We are gathered from celestial dust. Earth’s orbit ignores urban controversies, gravity embraces all, twice a year our planet’s axial tilt receives exactly 12 hours of sunlight and night. Humankind, great and small, cannot ignore the profound effects. Gardeners are well aware this is the turning point. For another 90 days we approach the nadir. Flora subsides into winter dormancy. Foliage becomes glorious. Pomp and circumstance are in order, asters and chrysanthemums launch the colorful parade, purples, pinks, gold, are their uniforms. Turf greens up, relieved from summer’s bare feet. Flush from the harvest, we turn towards cooler weather vigorous and strong. 

Many annuals and perennials prepare for this time. Annuals, such as zinnia, form seed heads easily saved for next spring. Select favorite colors and shapes, snip off the mature flower heads on sunny dry days and store in a cool, dry location. Never store seeds in closed containers, rather old fashioned paper lunch bags are the way to go. Mark each lunch bag with the seeds’ names and harvest year. Have fun and record on each storage bag personal remarks. Describe height, such as petite or giant. Indicate colors.

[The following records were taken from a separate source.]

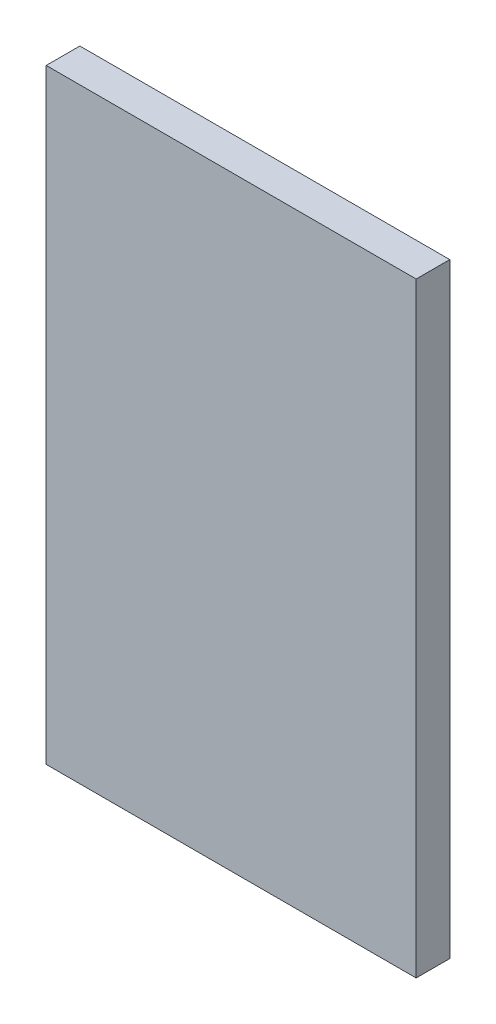
ISO-10303-21;
HEADER;
FILE_DESCRIPTION(('STEP AP214'),'2;1');
FILE_NAME('part.step','',(''),(''),'','','');
FILE_SCHEMA(('AUTOMOTIVE_DESIGN { 1 0 10303 214 1 1 1 1 }'));
ENDSEC;
DATA;
#1=APPLICATION_CONTEXT('core data for automotive mechanical design processes');
#2=APPLICATION_PROTOCOL_DEFINITION('international standard','automotive_design',2000,#1);
#3=PRODUCT_CONTEXT('',#1,'mechanical');
#4=PRODUCT('Part','Part','',(#3));
#5=PRODUCT_RELATED_PRODUCT_CATEGORY('part','',(#4));
#6=PRODUCT_DEFINITION_FORMATION('','',#4);
#7=PRODUCT_DEFINITION_CONTEXT('part definition',#1,'design');
#8=PRODUCT_DEFINITION('design','',#6,#7);
#9=PRODUCT_DEFINITION_SHAPE('','',#8);
#10=(LENGTH_UNIT() NAMED_UNIT(*) SI_UNIT(.MILLI.,.METRE.));
#11=(NAMED_UNIT(*) PLANE_ANGLE_UNIT() SI_UNIT($,.RADIAN.));
#12=(NAMED_UNIT(*) SI_UNIT($,.STERADIAN.) SOLID_ANGLE_UNIT());
#13=UNCERTAINTY_MEASURE_WITH_UNIT(LENGTH_MEASURE(1.E-05),#10,'distance_accuracy_value','');
#14=(GEOMETRIC_REPRESENTATION_CONTEXT(3) GLOBAL_UNCERTAINTY_ASSIGNED_CONTEXT((#13)) GLOBAL_UNIT_ASSIGNED_CONTEXT((#10,
#11,#12)) REPRESENTATION_CONTEXT('',''));
#15=CARTESIAN_POINT('',(0.,0.,0.));
#16=DIRECTION('',(0.,0.,1.));
#17=DIRECTION('',(1.,0.,0.));
#18=AXIS2_PLACEMENT_3D('',#15,#16,#17);
#19=CARTESIAN_POINT('',(0.,0.,50.));
#20=DIRECTION('',(1.,0.,0.));
#21=DIRECTION('',(0.,0.,-1.));
#22=AXIS2_PLACEMENT_3D('',#19,#20,#21);
#23=PLANE('',#22);
#24=DIRECTION('',(0.,-1.,0.));
#25=VECTOR('',#24,1.);
#26=CARTESIAN_POINT('',(0.,0.,0.));
#27=LINE('',#26,#25);
#28=CARTESIAN_POINT('',(0.,900.,0.));
#29=VERTEX_POINT('',#28);
#30=CARTESIAN_POINT('',(0.,0.,0.));
#31=VERTEX_POINT('',#30);
#32=EDGE_CURVE('E98',#29,#31,#27,.T.);
#33=ORIENTED_EDGE('',*,*,#32,.T.);
#34=DIRECTION('',(0.,0.,-1.));
#35=VECTOR('',#34,1.);
#36=CARTESIAN_POINT('',(0.,0.,50.));
#37=LINE('',#36,#35);
#38=CARTESIAN_POINT('',(0.,0.,50.));
#39=VERTEX_POINT('',#38);
#40=EDGE_CURVE('E11',#39,#31,#37,.T.);
#41=ORIENTED_EDGE('',*,*,#40,.F.);
#42=DIRECTION('',(0.,-1.,0.));
#43=VECTOR('',#42,1.);
#44=CARTESIAN_POINT('',(0.,0.,50.));
#45=LINE('',#44,#43);
#46=CARTESIAN_POINT('',(0.,900.,50.));
#47=VERTEX_POINT('',#46);
#48=EDGE_CURVE('E86',#47,#39,#45,.T.);
#49=ORIENTED_EDGE('',*,*,#48,.F.);
#50=DIRECTION('',(0.,0.,-1.));
#51=VECTOR('',#50,1.);
#52=CARTESIAN_POINT('',(0.,900.,50.));
#53=LINE('',#52,#51);
#54=EDGE_CURVE('E94',#47,#29,#53,.T.);
#55=ORIENTED_EDGE('',*,*,#54,.T.);
#56=EDGE_LOOP('',(#33,#41,#49,#55));
#57=FACE_BOUND('',#56,.T.);
#58=ADVANCED_FACE('F35',(#57),#23,.F.);
#59=CARTESIAN_POINT('',(0.,0.,50.));
#60=DIRECTION('',(0.,1.,0.));
#61=DIRECTION('',(0.,0.,1.));
#62=AXIS2_PLACEMENT_3D('',#59,#60,#61);
#63=PLANE('',#62);
#64=DIRECTION('',(1.,0.,0.));
#65=VECTOR('',#64,1.);
#66=CARTESIAN_POINT('',(0.,0.,0.));
#67=LINE('',#66,#65);
#68=CARTESIAN_POINT('',(550.,0.,0.));
#69=VERTEX_POINT('',#68);
#70=EDGE_CURVE('E90',#31,#69,#67,.T.);
#71=ORIENTED_EDGE('',*,*,#70,.T.);
#72=DIRECTION('',(0.,0.,-1.));
#73=VECTOR('',#72,1.);
#74=CARTESIAN_POINT('',(550.,0.,50.));
#75=LINE('',#74,#73);
#76=CARTESIAN_POINT('',(550.,0.,50.));
#77=VERTEX_POINT('',#76);
#78=EDGE_CURVE('E43',#77,#69,#75,.T.);
#79=ORIENTED_EDGE('',*,*,#78,.F.);
#80=DIRECTION('',(1.,0.,0.));
#81=VECTOR('',#80,1.);
#82=CARTESIAN_POINT('',(0.,0.,50.));
#83=LINE('',#82,#81);
#84=EDGE_CURVE('E81',#39,#77,#83,.T.);
#85=ORIENTED_EDGE('',*,*,#84,.F.);
#86=ORIENTED_EDGE('',*,*,#40,.T.);
#87=EDGE_LOOP('',(#71,#79,#85,#86));
#88=FACE_BOUND('',#87,.T.);
#89=ADVANCED_FACE('F89',(#88),#63,.F.);
#90=CARTESIAN_POINT('',(550.,0.,50.));
#91=DIRECTION('',(-1.,0.,0.));
#92=DIRECTION('',(0.,0.,1.));
#93=AXIS2_PLACEMENT_3D('',#90,#91,#92);
#94=PLANE('',#93);
#95=DIRECTION('',(0.,1.,0.));
#96=VECTOR('',#95,1.);
#97=CARTESIAN_POINT('',(550.,0.,0.));
#98=LINE('',#97,#96);
#99=CARTESIAN_POINT('',(550.,900.,0.));
#100=VERTEX_POINT('',#99);
#101=EDGE_CURVE('E68',#69,#100,#98,.T.);
#102=ORIENTED_EDGE('',*,*,#101,.T.);
#103=DIRECTION('',(0.,0.,-1.));
#104=VECTOR('',#103,1.);
#105=CARTESIAN_POINT('',(550.,900.,50.));
#106=LINE('',#105,#104);
#107=CARTESIAN_POINT('',(550.,900.,50.));
#108=VERTEX_POINT('',#107);
#109=EDGE_CURVE('E91',#108,#100,#106,.T.);
#110=ORIENTED_EDGE('',*,*,#109,.F.);
#111=DIRECTION('',(0.,1.,0.));
#112=VECTOR('',#111,1.);
#113=CARTESIAN_POINT('',(550.,0.,50.));
#114=LINE('',#113,#112);
#115=EDGE_CURVE('E84',#77,#108,#114,.T.);
#116=ORIENTED_EDGE('',*,*,#115,.F.);
#117=ORIENTED_EDGE('',*,*,#78,.T.);
#118=EDGE_LOOP('',(#102,#110,#116,#117));
#119=FACE_BOUND('',#118,.T.);
#120=ADVANCED_FACE('F92',(#119),#94,.F.);
#121=CARTESIAN_POINT('',(0.,900.,50.));
#122=DIRECTION('',(0.,-1.,0.));
#123=DIRECTION('',(0.,0.,-1.));
#124=AXIS2_PLACEMENT_3D('',#121,#122,#123);
#125=PLANE('',#124);
#126=DIRECTION('',(-1.,0.,0.));
#127=VECTOR('',#126,1.);
#128=CARTESIAN_POINT('',(0.,900.,0.));
#129=LINE('',#128,#127);
#130=EDGE_CURVE('E74',#100,#29,#129,.T.);
#131=ORIENTED_EDGE('',*,*,#130,.T.);
#132=ORIENTED_EDGE('',*,*,#54,.F.);
#133=DIRECTION('',(-1.,0.,0.));
#134=VECTOR('',#133,1.);
#135=CARTESIAN_POINT('',(0.,900.,50.));
#136=LINE('',#135,#134);
#137=EDGE_CURVE('E51',#108,#47,#136,.T.);
#138=ORIENTED_EDGE('',*,*,#137,.F.);
#139=ORIENTED_EDGE('',*,*,#109,.T.);
#140=EDGE_LOOP('',(#131,#132,#138,#139));
#141=FACE_BOUND('',#140,.T.);
#142=ADVANCED_FACE('F105',(#141),#125,.F.);
#143=CARTESIAN_POINT('',(0.,0.,50.));
#144=DIRECTION('',(0.,0.,-1.));
#145=DIRECTION('',(-1.,0.,0.));
#146=AXIS2_PLACEMENT_3D('',#143,#144,#145);
#147=PLANE('',#146);
#148=ORIENTED_EDGE('',*,*,#48,.T.);
#149=ORIENTED_EDGE('',*,*,#84,.T.);
#150=ORIENTED_EDGE('',*,*,#115,.T.);
#151=ORIENTED_EDGE('',*,*,#137,.T.);
#152=EDGE_LOOP('',(#148,#149,#150,#151));
#153=FACE_BOUND('',#152,.T.);
#154=ADVANCED_FACE('F82',(#153),#147,.F.);
#155=CARTESIAN_POINT('',(0.,0.,0.));
#156=DIRECTION('',(0.,0.,-1.));
#157=DIRECTION('',(-1.,0.,0.));
#158=AXIS2_PLACEMENT_3D('',#155,#156,#157);
#159=PLANE('',#158);
#160=ORIENTED_EDGE('',*,*,#32,.F.);
#161=ORIENTED_EDGE('',*,*,#130,.F.);
#162=ORIENTED_EDGE('',*,*,#101,.F.);
#163=ORIENTED_EDGE('',*,*,#70,.F.);
#164=EDGE_LOOP('',(#160,#161,#162,#163));
#165=FACE_BOUND('',#164,.T.);
#166=ADVANCED_FACE('F108',(#165),#159,.T.);
#167=CLOSED_SHELL('',(#58,#89,#120,#142,#154,#166));
#168=MANIFOLD_SOLID_BREP('B2',#167);
#169=ADVANCED_BREP_SHAPE_REPRESENTATION('',(#18,#168),#14);
#170=SHAPE_DEFINITION_REPRESENTATION(#9,#169);
ENDSEC;
END-ISO-10303-21;

Imbue impressions useful for future gardens, such as notable hummingbird activity, inscribe special moments. My dear Aunt Gert’s birthday, May 4, is the usual day Lilies of the Valley and azeleas bloom. Create a personal garden calendar, note best bloom weeks, preference for sun or shade, also include helpful hints, such as dry or moist soil right on the lunch bag. Always, if not evident from the seeds themselves, describe scent or in the case of herbs, medicinal applications. Sometimes, like lavender, they are the same. 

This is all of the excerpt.